*Problem description*. The answer must be one number: how many lines of the records contain "transform".

= Beginning of Section =

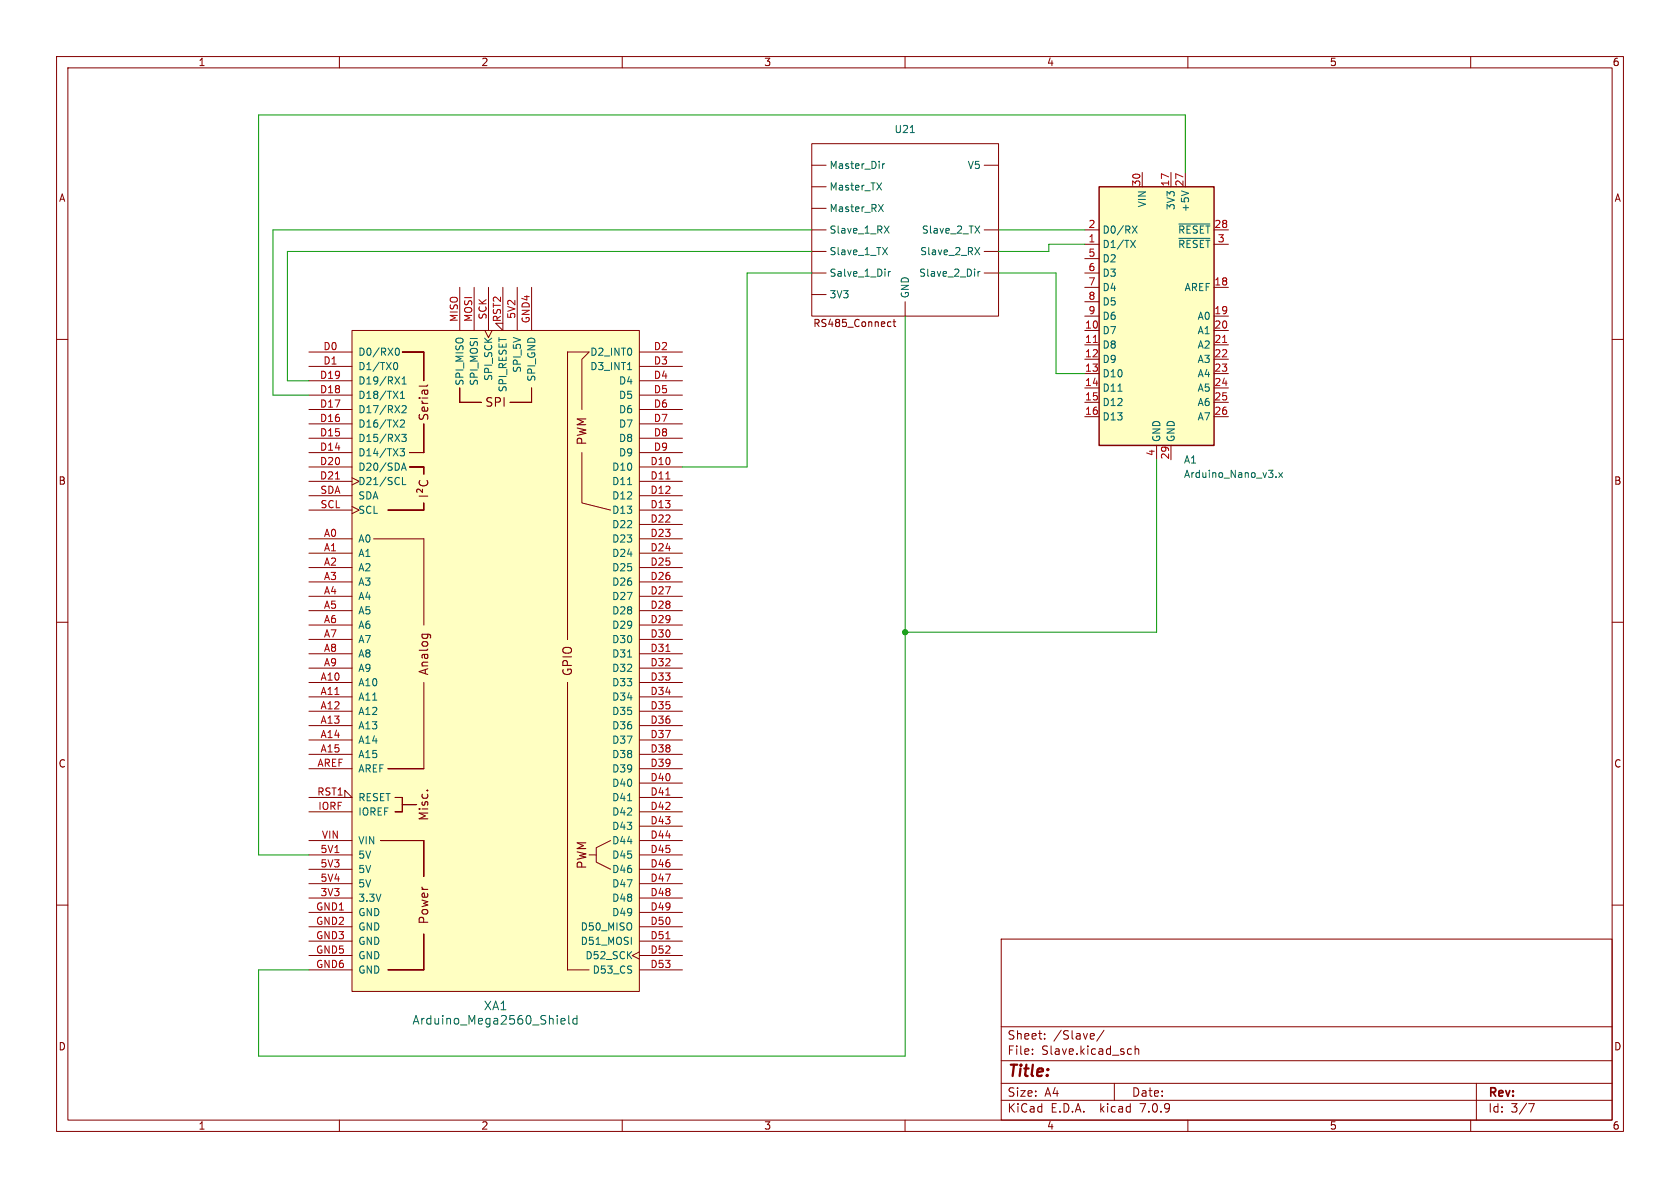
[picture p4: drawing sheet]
<svg xmlns="http://www.w3.org/2000/svg" width="297mm" height="210mm" viewBox="0 0 297 210" stroke-linecap="round" stroke-linejoin="round" font-family="sans-serif">
<g fill="none" stroke="#840000" stroke-width=".18">
<path d="M10 10h277v190h-277zM12 12h273v186h-273zM60 10v2M110 10v2M160 10v2M210 10v2M260 10v2M143.5 25.4h33v30.5h-33zM143.5 29.2h2.5M143.5 36.8h2.5M143.5 33h2.5M174 29.2h2.5"/>
<path d="M201.9 30.5v2.5M207 30.5v2.5M209.5 30.5v2.5M10 60h2M62.2 58.4h50.8v116.9h-50.8zM81.3 50.8v7.6M83.8 50.8v7.6M85.7 58.4l.7 1.3 .6-1.3M86.4 50.8v7.6M88.9 50.8v7.6l-1.3-1.2h1.3M91.4 50.8v7.6M94 50.8v7.6"/>
<path d="M143.5 40.6h2.5M143.5 48.3h2.5M143.5 52.1h2.5M143.5 44.5h2.5M157.1 56.9h.4M157.5 57.7h-.4M157.9 56.9h.5M158.1 56.5v1l.3 .2M160 53.3v2.6M174 40.6h2.5M174 48.3h2.5M174 44.5h2.5"/>
<path d="M191.8 43.2h2.5M191.8 58.4h2.5M191.8 50.8h2.5M191.8 55.9h2.5M191.8 40.6h2.5M191.8 45.7h2.5M191.8 48.3h2.5M191.8 53.3h2.5M214.6 43.2h2.6M214.6 58.4h2.6M214.6 50.8h2.6M214.6 55.9h2.6"/>
<path d="M214.6 40.6h2.6M285 60h2M54.6 62.2h7.6M54.6 64.8h7.6M54.6 77.5h7.6M54.6 74.9h7.6M54.6 72.4h7.6M54.6 69.9h7.6M54.6 67.3h7.6M71.1 62.2h3.8zM74.9 74.9v5.1zM74.9 62.2v5.1z"/>
<path d="M81.3 68.6v2.5zM81.3 71.1h3.8zM90.2 71.1h3.8zM94 68.6v2.5zM100.3 62.2h3.8l-1.2 1.3v8.9M100.3 62.2v50.8zM113 62.2h7.6M113 64.8h7.6M113 77.5h7.6M113 74.9h7.6M113 72.4h7.6M113 69.9h7.6"/>
<path d="M113 67.3h7.6M191.8 61h2.5M191.8 63.5h2.5M191.8 66h2.5M191.8 68.6h2.5M191.8 71.1h2.5M191.8 73.7h2.5M204.5 78.7v2.6M207 78.7v2.6M214.6 61h2.6M214.6 63.5h2.6M214.6 66h2.6"/>
<path d="M214.6 68.6h2.6M214.6 71.1h2.6M214.6 73.7h2.6M54.6 95.3h7.6M54.6 97.8h7.6M54.6 82.6h7.6M54.6 85.1h7.6M54.6 87.6h7.6M54.6 90.2h7.6M54.6 80h7.6M62.2 84.5l1.3 .6-1.3 .6M62.2 89.5l1.3 .7-1.3 .6"/>
<path d="M66 95.3h8.9v15.2M68.6 90.2h6.3zM72.4 82.6h2.5zM72.4 80h2.5zM74.9 88.9v1.3zM74.9 82.6v1.2zM102.9 80v8.9l5 1.3M113 95.3h7.6M113 97.8h7.6M113 82.6h7.6M113 85.1h7.6M113 87.6h7.6"/>
<path d="M113 90.2h7.6M113 80h7.6M113 92.7h7.6M10 110h2M54.6 100.3h7.6M54.6 102.9h7.6M54.6 105.4h7.6M54.6 108h7.6M54.6 110.5h7.6M54.6 113h7.6M54.6 115.6h7.6M54.6 118.1h7.6"/>
<path d="M113 100.3h7.6M113 102.9h7.6M113 105.4h7.6M113 108h7.6M113 110.5h7.6M113 113h7.6M113 115.6h7.6M113 118.1h7.6M285 110h2M54.6 120.7h7.6M54.6 123.2h7.6M54.6 125.7h7.6"/>
<path d="M54.6 128.3h7.6M54.6 130.8h7.6M54.6 133.4h7.6M54.6 135.9h7.6M68.6 135.9h6.3zM74.9 120.7v15.2M100.3 120.7v50.8zM113 120.7h7.6M113 123.2h7.6M113 125.7h7.6M113 128.3h7.6M113 130.8h7.6"/>
<path d="M113 133.4h7.6M113 135.9h7.6M113 138.4h7.6M10 160h2M54.6 141h7.6l-1.2-1.3v1.3M54.6 151.1h7.6M54.6 158.8h7.6M54.6 153.7h7.6M54.6 156.2h7.6M54.6 143.5h7.6M54.6 148.6h7.6M67.3 148.6h7.6z"/>
<path d="M69.8 143.5h1.3zM69.8 141h1.3zM71.1 142.2h2.6zM71.1 141v2.5zM74.9 148.6v6.3zM104.1 151.1h1.3M107.9 148.6l-2.5 1.3v2.5l2.5 1.3M113 151.1h7.6M113 158.8h7.6M113 153.7h7.6M113 156.2h7.6M113 141h7.6"/>
<path d="M113 143.5h7.6M113 146.1h7.6M113 148.6h7.6M285 160h2M54.6 171.5h7.6M54.6 161.3h7.6M54.6 163.8h7.6M54.6 166.4h7.6M54.6 168.9h7.6M68.6 171.5h6.3zM74.9 165.1v6.4zM100.3 171.5h3.8"/>
<path d="M113 168.3l-1.2 .6 1.2 .6M113 171.5h7.6M113 161.3h7.6M113 163.8h7.6M113 166.4h7.6M113 168.9h7.6M177 166h108v32h-108zM60 198v2M110 198v2M160 198v2M177 194.5h108M177 191.5h108"/>
<path d="M177 187.5h108M177 181.5h108M182.5 186.3v.1M182.5 185.5v.1M184.7 183.6v.1M184.7 182.8v.1M193.2 182.7l.3 .4-.8 .1M193.4 183.6l-.2 .1M195.2 182.1l-1.3 2M197 191.5v3M199.6 185.4l.4 .1M200 186.3l-.4 .1"/>
<path d="M200.7 185.5l.2-.1 .3 .1 .1 .9M200.7 184.9v1.5M210 198v2M260 198v2M261 191.5v6.5M270.2 195.1h1l-.6 1.5"/>
</g>
<g fill="#ffffc2" stroke="#ffffc2" stroke-width=".18">
<path d="M194.3 33h20.3v45.7h-20.3z"/>
<path d="M62.2 58.4h50.8v116.9h-50.8z"/>
</g>
<path d="M194.3 33h20.3v45.7h-20.3z" fill="none" stroke="#840000" stroke-width=".25"/>
<g fill="none" stroke="#006464" stroke-width=".18">
<path d="M155 32.3l.9 1.3M155.3 36.1l.9 1.3M155.9 32.3l-.9 1.3M156 28.9v.9M156.2 36.1l-.9 1.3M156.3 39.9l.9 1.3M156.4 28.9l-.4 .3M157.2 39.9l-.9 1.3M160.9 23.4h.8M172.4 39.9l.8 1.3M173.2 39.9l-.8 1.3M200.2 39.9l.8 1.3"/>
<path d="M201 39.9l-.8 1.3M208.4 39.6h5.5M208.9 33.7l1.2 .5M156 43.8l.9 1.2M156.9 43.8l-.9 1.2M157.1 48v.8M157.4 48l-.3 .2M172.4 43.8l.8 1.2M172.9 48v.8M173.2 43.8l-.8 1.2M173.3 48l-.4 .2M199.9 42.5l.8 1.3"/>
<path d="M200.7 42.5l-.8 1.3M208.4 42.1h5.5M69.8 64.1h.1a.68 .68 0 0 1 .4 .6 .68 .68 0 0 1-.4 .6h-.1M69.9 61.8l.3-.3a.68 .68 0 0 1 .4 .7 .68 .68 0 0 1-.4 .6l-.3-.2M70.7 79.3h.8l-.4 .5 .3 .1v.6l-.1 .1-.6-.1M70.8 74.4l.5-.2 .2 .4-.8 .9h.8M70.8 70.4h.7M70.8 69.5l.3-.3v1.2M71 76.8h.8l-.4 .5 .4 .1v.5l-.2 .1-.6-.1M71.1 71.8l.5-.1 .2 .4-.8 .9h.8M71.1 67.9h.7M71.1 67l.3-.4v1.3"/>
<path d="M110.9 65.3h.8M197.6 69.2h.8M71 83.1l.4-1.2 .4 1.2M71.1 82.8h.6M71.1 84.4v1.3h.7M110.9 85.7h.8M225.6 84.3v.1M226.1 83.6l.6 .8M226.7 83.6l-.6 .8M110.9 116.1h.8M110.9 141.5h.8M100.5 179.5v1.3l.3 .2"/>
<path d="M102 179.5v1.5M99.2 180.5l.7-.1-.1-.3-.4-.1-.2 .2v.8h.6M102 180.1l-.4-.1-.3 .3v.4l.1 .3h.6"/>
</g>
<path d="M193.3 60.5h.7M216.1 60.5h.8M59.3 84.7h.7M117.7 84.7h.7M117.7 115.2h.7M117.7 140.6h.7M117.7 166h.7" fill="none" stroke="#a90000" stroke-width=".18"/>
<path d="M75.6 68l-.2 .3h-1.3M74.1 87.7h1.5M74.2 84.9a.61 .61 0 0 0 0 .8 .61 .61 0 0 0 .8 .2 .57 .57 0 0 0 .6-.3 .57 .57 0 0 0-.1-.7M74.7 86.5v.5l-.5-.5a.31 .31 0 0 0-.5 .2v.3M74.6 112.1h1.2l.3 .3M74.7 112.1l-.1 .5M75.6 112.1v.5M75.5 139.7h.1" fill="none" stroke="#840000" stroke-width=".19"/>
<path d="M209.5 30.5v-10.2h-163.8v130.8h8.9M143.5 48.3h-11.4v34.3h-11.5M143.5 40.6h-95.2v29.3h6.3M143.5 44.5h-92.7v22.8h3.8M160 55.9v130.8h-114.3v-15.2h8.9M176.5 48.3h10.2v17.7h5.1M176.5 40.6h15.3M191.8 43.2h-6.4v1.3h-8.9M204.5 81.3v30.5h-44.5" fill="none" stroke="#009600" stroke-width=".18"/>
<circle cx="160" cy="111.8" r=".46" fill="#009600" stroke="#009600" stroke-width=".18"/>
<text font-size="2.8" fill="#840000" x="178" y="190.9">Title:</text>
<g font-size="2.1" fill="#840000">
<text x="76" y="74.6" transform="rotate(-90 76 74.6)">Serial</text>
<text x="85.6" y="72.2">SPI</text>
<text x="103.9" y="78.8" transform="rotate(-90 103.9 78.8)">PWM</text>
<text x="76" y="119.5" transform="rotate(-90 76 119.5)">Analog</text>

= End of Section =

*Worked solution*. 3